On hyperbolic once-punctured-torus bundles III: Comparing two tessellations of the complex plane

TL;DR

This paper compares two different tessellations of the complex plane associated with once-punctured-torus bundles with pseudo-Anosov monodromy, analyzing their relationship through geometric and fractal structures.

Contribution

It provides a detailed comparison between the canonical ideal tetrahedral decomposition tessellation and the Cannon-Thurston fractal tessellation for these bundles.

Findings

Establishes a relationship between the two tessellations.

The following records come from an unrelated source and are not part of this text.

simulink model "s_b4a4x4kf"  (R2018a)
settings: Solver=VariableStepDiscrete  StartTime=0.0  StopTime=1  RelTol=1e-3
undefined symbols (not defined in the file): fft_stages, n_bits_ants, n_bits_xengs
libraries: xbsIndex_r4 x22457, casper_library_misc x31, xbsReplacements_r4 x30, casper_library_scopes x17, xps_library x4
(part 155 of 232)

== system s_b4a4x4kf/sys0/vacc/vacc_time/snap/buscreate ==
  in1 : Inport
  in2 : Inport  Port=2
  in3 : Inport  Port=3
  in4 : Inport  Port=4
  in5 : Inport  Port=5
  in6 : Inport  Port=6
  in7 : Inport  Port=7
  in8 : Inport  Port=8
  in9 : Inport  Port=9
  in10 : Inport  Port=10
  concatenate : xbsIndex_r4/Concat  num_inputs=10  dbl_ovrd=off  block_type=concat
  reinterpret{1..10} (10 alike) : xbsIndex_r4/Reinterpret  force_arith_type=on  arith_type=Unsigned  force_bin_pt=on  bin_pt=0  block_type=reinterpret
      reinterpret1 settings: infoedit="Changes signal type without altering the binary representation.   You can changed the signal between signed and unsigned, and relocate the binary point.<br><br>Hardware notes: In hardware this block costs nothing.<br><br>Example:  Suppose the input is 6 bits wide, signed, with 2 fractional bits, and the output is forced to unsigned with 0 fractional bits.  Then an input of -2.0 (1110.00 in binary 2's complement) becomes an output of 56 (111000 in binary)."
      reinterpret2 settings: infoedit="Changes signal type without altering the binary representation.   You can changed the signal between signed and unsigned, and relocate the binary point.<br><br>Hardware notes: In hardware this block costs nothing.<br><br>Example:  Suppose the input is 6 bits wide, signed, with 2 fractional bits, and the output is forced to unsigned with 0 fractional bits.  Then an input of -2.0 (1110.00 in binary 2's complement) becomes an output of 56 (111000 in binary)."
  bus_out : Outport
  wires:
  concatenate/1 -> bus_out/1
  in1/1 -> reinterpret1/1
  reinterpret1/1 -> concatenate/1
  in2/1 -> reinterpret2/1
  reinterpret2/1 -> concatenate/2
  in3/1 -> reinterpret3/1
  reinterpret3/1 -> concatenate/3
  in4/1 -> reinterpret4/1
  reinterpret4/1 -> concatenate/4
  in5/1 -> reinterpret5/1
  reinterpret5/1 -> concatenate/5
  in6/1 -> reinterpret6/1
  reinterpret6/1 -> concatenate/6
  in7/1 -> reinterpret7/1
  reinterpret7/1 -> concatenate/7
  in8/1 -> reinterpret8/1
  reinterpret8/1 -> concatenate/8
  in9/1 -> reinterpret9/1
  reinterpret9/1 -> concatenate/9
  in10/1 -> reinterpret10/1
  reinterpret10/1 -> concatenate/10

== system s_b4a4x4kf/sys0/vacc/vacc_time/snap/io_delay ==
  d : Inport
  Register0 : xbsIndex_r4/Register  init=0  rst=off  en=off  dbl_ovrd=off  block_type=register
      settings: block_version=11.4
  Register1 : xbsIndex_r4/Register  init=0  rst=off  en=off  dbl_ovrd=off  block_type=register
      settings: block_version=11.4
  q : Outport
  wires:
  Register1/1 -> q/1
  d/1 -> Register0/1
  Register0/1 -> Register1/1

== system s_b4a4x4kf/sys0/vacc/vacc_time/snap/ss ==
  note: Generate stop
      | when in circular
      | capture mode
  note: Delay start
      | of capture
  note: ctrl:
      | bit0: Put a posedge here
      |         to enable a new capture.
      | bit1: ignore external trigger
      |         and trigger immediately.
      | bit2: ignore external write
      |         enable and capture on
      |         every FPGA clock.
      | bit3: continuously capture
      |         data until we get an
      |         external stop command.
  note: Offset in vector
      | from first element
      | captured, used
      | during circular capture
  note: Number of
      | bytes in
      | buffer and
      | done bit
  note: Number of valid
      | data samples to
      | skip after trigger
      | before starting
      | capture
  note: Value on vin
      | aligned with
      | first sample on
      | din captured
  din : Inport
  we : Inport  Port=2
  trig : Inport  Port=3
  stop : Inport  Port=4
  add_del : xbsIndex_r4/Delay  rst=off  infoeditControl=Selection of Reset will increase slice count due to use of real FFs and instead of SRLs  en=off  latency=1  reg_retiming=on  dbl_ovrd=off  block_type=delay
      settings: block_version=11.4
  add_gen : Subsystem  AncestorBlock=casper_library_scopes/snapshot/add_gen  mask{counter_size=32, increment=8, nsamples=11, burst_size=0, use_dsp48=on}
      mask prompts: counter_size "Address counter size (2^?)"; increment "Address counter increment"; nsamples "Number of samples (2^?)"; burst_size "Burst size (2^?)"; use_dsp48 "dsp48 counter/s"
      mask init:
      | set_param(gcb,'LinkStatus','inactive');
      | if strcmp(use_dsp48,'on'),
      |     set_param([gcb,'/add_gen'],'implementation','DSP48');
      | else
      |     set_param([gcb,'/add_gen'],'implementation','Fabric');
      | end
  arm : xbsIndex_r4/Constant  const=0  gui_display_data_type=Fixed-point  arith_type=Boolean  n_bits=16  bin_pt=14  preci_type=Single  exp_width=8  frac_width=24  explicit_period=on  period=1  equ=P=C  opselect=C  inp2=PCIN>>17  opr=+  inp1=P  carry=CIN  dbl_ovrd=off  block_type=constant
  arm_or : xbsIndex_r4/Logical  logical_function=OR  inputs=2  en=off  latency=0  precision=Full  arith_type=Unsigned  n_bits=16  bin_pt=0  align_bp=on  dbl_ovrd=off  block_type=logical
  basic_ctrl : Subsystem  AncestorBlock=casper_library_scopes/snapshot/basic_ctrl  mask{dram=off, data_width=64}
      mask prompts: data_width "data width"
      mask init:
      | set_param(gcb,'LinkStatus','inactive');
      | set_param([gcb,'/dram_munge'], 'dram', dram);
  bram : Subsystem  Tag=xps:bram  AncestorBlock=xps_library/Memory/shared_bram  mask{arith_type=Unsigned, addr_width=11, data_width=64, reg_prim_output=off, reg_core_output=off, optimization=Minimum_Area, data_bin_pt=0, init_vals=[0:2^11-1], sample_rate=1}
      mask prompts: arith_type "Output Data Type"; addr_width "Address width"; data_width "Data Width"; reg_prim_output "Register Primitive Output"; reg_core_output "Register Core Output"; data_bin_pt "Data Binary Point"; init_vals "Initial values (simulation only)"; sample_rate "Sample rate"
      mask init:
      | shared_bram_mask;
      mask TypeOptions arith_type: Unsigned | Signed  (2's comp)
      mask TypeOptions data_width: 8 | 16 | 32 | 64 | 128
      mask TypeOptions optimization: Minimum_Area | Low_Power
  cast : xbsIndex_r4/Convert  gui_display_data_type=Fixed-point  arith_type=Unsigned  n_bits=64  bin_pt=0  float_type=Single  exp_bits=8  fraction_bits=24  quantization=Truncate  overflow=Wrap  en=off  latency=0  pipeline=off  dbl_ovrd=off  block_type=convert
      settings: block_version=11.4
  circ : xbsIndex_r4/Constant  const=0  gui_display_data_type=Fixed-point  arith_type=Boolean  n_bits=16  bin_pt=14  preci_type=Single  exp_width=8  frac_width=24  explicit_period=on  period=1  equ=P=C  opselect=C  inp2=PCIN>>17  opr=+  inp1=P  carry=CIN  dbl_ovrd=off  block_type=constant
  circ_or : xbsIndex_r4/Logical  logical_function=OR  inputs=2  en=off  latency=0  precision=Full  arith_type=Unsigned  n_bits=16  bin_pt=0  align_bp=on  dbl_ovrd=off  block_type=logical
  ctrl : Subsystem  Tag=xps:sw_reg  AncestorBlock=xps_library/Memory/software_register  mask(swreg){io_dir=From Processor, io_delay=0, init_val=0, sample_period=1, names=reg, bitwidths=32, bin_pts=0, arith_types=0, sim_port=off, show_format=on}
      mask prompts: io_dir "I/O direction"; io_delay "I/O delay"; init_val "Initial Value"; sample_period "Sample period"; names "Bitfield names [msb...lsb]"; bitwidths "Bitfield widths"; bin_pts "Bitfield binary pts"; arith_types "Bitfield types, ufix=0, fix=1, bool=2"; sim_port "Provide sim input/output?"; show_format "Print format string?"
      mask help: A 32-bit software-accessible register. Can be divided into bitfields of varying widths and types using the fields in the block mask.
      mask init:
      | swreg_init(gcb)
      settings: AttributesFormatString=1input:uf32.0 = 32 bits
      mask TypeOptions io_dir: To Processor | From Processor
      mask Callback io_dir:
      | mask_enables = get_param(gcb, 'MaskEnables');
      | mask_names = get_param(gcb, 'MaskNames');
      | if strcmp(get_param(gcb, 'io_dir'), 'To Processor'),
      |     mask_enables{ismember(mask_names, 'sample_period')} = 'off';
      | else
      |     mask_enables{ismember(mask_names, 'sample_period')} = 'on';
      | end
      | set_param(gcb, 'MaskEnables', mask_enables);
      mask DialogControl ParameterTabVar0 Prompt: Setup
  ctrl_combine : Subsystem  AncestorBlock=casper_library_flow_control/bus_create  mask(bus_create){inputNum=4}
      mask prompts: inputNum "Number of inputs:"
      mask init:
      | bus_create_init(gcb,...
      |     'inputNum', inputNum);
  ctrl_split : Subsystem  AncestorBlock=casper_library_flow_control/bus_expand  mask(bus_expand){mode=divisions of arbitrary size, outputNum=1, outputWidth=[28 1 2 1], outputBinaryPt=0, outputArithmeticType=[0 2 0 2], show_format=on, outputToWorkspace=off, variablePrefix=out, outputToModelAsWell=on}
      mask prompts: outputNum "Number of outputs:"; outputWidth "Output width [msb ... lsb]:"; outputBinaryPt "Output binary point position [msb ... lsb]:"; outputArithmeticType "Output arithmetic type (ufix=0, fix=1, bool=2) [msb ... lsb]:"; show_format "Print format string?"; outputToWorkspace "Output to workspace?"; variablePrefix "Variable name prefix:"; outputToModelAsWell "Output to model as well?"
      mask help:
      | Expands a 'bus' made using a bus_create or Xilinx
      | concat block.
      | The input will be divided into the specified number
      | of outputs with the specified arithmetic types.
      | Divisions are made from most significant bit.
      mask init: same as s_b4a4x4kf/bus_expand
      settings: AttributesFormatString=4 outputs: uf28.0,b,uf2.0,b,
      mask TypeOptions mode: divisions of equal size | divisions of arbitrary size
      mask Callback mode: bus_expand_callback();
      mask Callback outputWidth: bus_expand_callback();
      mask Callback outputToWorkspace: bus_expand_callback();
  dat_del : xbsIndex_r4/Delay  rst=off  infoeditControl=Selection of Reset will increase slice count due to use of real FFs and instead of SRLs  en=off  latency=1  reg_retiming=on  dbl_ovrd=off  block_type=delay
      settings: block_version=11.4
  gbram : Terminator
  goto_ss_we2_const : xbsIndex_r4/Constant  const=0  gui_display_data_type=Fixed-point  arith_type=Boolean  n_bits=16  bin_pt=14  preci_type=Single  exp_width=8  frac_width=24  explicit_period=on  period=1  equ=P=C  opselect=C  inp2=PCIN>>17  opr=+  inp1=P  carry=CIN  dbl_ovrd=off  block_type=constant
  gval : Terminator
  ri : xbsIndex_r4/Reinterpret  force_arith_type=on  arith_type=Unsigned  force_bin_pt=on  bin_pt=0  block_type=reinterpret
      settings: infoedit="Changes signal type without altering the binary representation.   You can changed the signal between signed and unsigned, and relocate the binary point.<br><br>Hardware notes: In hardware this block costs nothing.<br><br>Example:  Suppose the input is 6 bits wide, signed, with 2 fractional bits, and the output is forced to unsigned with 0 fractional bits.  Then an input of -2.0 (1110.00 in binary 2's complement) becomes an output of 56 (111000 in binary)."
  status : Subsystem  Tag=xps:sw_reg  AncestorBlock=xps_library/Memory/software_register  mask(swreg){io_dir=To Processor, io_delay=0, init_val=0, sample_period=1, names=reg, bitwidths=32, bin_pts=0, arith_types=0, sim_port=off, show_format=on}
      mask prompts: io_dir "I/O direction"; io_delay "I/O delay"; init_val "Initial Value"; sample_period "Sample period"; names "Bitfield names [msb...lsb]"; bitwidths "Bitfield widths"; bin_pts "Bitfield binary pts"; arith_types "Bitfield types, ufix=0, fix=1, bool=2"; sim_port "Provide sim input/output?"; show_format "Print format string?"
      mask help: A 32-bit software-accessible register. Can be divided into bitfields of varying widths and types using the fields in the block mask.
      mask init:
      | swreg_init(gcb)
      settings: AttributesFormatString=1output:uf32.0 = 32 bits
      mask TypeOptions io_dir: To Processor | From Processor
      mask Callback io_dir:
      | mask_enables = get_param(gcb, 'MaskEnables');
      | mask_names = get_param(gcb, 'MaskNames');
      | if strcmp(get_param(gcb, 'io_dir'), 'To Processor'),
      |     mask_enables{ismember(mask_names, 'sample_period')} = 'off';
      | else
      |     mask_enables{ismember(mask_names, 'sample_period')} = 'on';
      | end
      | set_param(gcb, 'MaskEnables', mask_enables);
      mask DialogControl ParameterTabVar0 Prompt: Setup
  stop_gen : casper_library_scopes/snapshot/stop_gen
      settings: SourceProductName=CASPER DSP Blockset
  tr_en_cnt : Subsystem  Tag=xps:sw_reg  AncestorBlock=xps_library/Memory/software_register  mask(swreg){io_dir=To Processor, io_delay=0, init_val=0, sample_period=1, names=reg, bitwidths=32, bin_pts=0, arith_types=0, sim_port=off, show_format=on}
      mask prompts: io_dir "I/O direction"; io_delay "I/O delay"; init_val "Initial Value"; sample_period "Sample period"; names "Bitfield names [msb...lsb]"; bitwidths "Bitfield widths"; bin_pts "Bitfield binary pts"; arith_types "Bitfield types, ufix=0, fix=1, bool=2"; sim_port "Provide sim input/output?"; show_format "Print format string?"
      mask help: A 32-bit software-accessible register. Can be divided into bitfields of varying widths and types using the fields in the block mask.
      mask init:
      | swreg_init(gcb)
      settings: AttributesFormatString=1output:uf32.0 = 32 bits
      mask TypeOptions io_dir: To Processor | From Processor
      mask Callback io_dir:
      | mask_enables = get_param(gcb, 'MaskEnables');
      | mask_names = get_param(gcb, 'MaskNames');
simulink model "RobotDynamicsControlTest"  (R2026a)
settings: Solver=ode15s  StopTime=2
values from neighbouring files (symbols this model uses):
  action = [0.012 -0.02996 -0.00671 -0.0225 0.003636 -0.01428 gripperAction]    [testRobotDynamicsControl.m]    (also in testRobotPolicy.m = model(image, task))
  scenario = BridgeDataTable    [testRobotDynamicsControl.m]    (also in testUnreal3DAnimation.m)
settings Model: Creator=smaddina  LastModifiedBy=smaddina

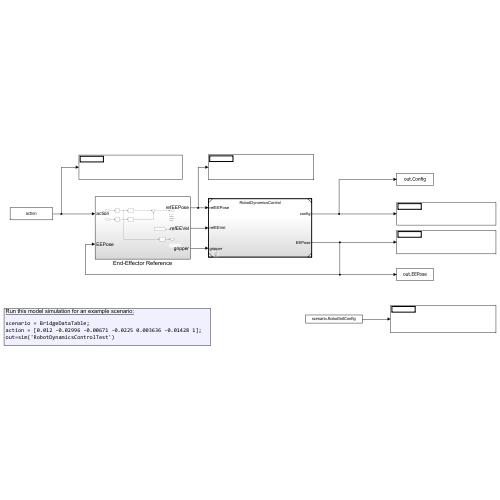
[thumbnail: Simulink's stored preview of the top-level diagram]
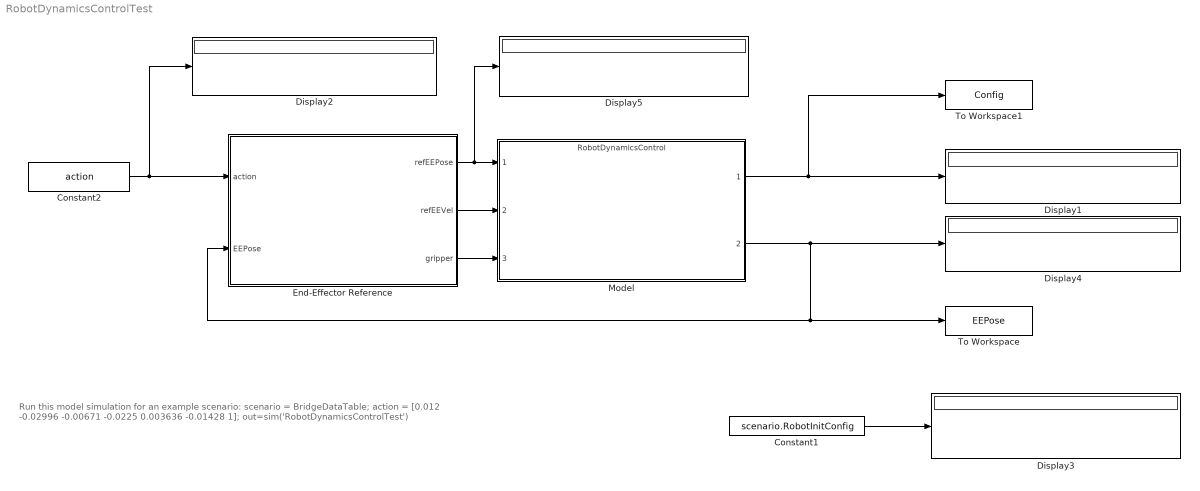
== system RobotDynamicsControlTest ==
  note: Run this model simulation for an example scenario:
      |
      | scenario = BridgeDataTable;
      | action = [0.012 -0.02996 -0.00671 -0.0225 0.003636 -0.01428 1];
      | out=sim('RobotDynamicsControlTest')
  Constant1 : Constant  Value=scenario.RobotInitConfig
  Constant2 : Constant  Value=action  SampleTime=scenario.Ts
  Display{1..5} (5 alike) : Display
  End-Effector Reference : Subsystem
  Model : ModelReference  ModelNameDialog=RobotDynamicsControl.slx  SimulationMode=Normal  ModelReferenceVersion=4.22
  To Workspace : ToWorkspace  VariableName=EEPose  SaveFormat=Timeseries  SampleTime=-1
      settings: MaxDataPoints=1
  To Workspace1 : ToWorkspace  VariableName=Config  SaveFormat=Timeseries  SampleTime=-1
      settings: MaxDataPoints=1
  wires:
  Model/1 -> To Workspace1/1, Display1/1
  Constant1/1 -> Display3/1
  Model/2 -> End-Effector Reference/2(EEPose), To Workspace/1, Display4/1
  Constant2/1 -> Display2/1, End-Effector Reference/1(action)
  End-Effector Reference/1(refEEPose) -> Display5/1, Model/1
  End-Effector Reference/2(refEEVel) -> Model/2
  End-Effector Reference/3(gripper) -> Model/3

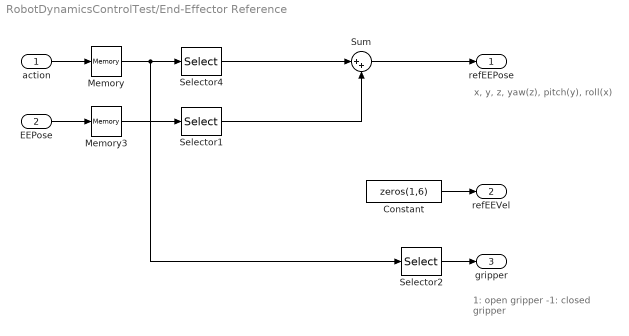
== system RobotDynamicsControlTest/End-Effector Reference ==
  note: x, y, z,
      | yaw(z),
      | pitch(y),
      | roll(x)
  note: 1: open gripper
      | -1: closed gripper
  action : Inport
  EEPose : Inport  Port=2
  Constant : Constant  Value=zeros(1,6)
  Memory : Memory  InitialCondition=[zeros(scenario.NumStates-1,1); 1]  InheritSampleTime=on
  Memory3 : Memory  InitialCondition=scenario.RobotInitState  InheritSampleTime=on
  Selector1 : Selector  InputPortWidth=scenario.NumStates  IndexOptions=Index vector (dialog)  Indices=[1 2 3 4 5 6]  OutputSizes=1
  Selector2 : Selector  InputPortWidth=scenario.NumStates  IndexOptions=Index vector (dialog)  Indices=7  OutputSizes=1
  Selector4 : Selector  InputPortWidth=scenario.NumStates  IndexOptions=Index vector (dialog)  Indices=[1 2 3 4 5 6]  OutputSizes=1
  Sum : Sum  Inputs=|++
  refEEPose : Outport
  refEEVel : Outport  Port=2
  gripper : Outport  Port=3
  wires:
  Sum/1 -> refEEPose/1
  Selector2/1 -> gripper/1
  EEPose/1 -> Memory3/1
  Memory/1 -> Selector4/1, Selector2/1
  action/1 -> Memory/1
  Memory3/1 -> Selector1/1
  Selector4/1 -> Sum/1
  Selector1/1 -> Sum/2
  Constant/1 -> refEEVel/1

Describes geometric properties of the ideal tetrahedral decomposition.

Analyzes the fractal structure of the Cannon-Thurston map.

Abstract

To each once-punctured-torus bundle, $T_\phi$, over the circle with pseudo-Anosov monodromy $\phi$, there are associated two tessellations of the complex plane: one, $\Delta(\phi)$, is (the projection from $\infty$ of) the triangulation of a horosphere at $\infty$ induced by the canonical decomposition into ideal tetrahedra, and the other, $CW(\phi)$, is a fractal tessellation given by the Cannon-Thurston map of the fiber group switching back and forth between gray and white each time it passes through $\infty$. In this paper, we study the relation between $\Delta(\phi)$ and $CW(\phi)$.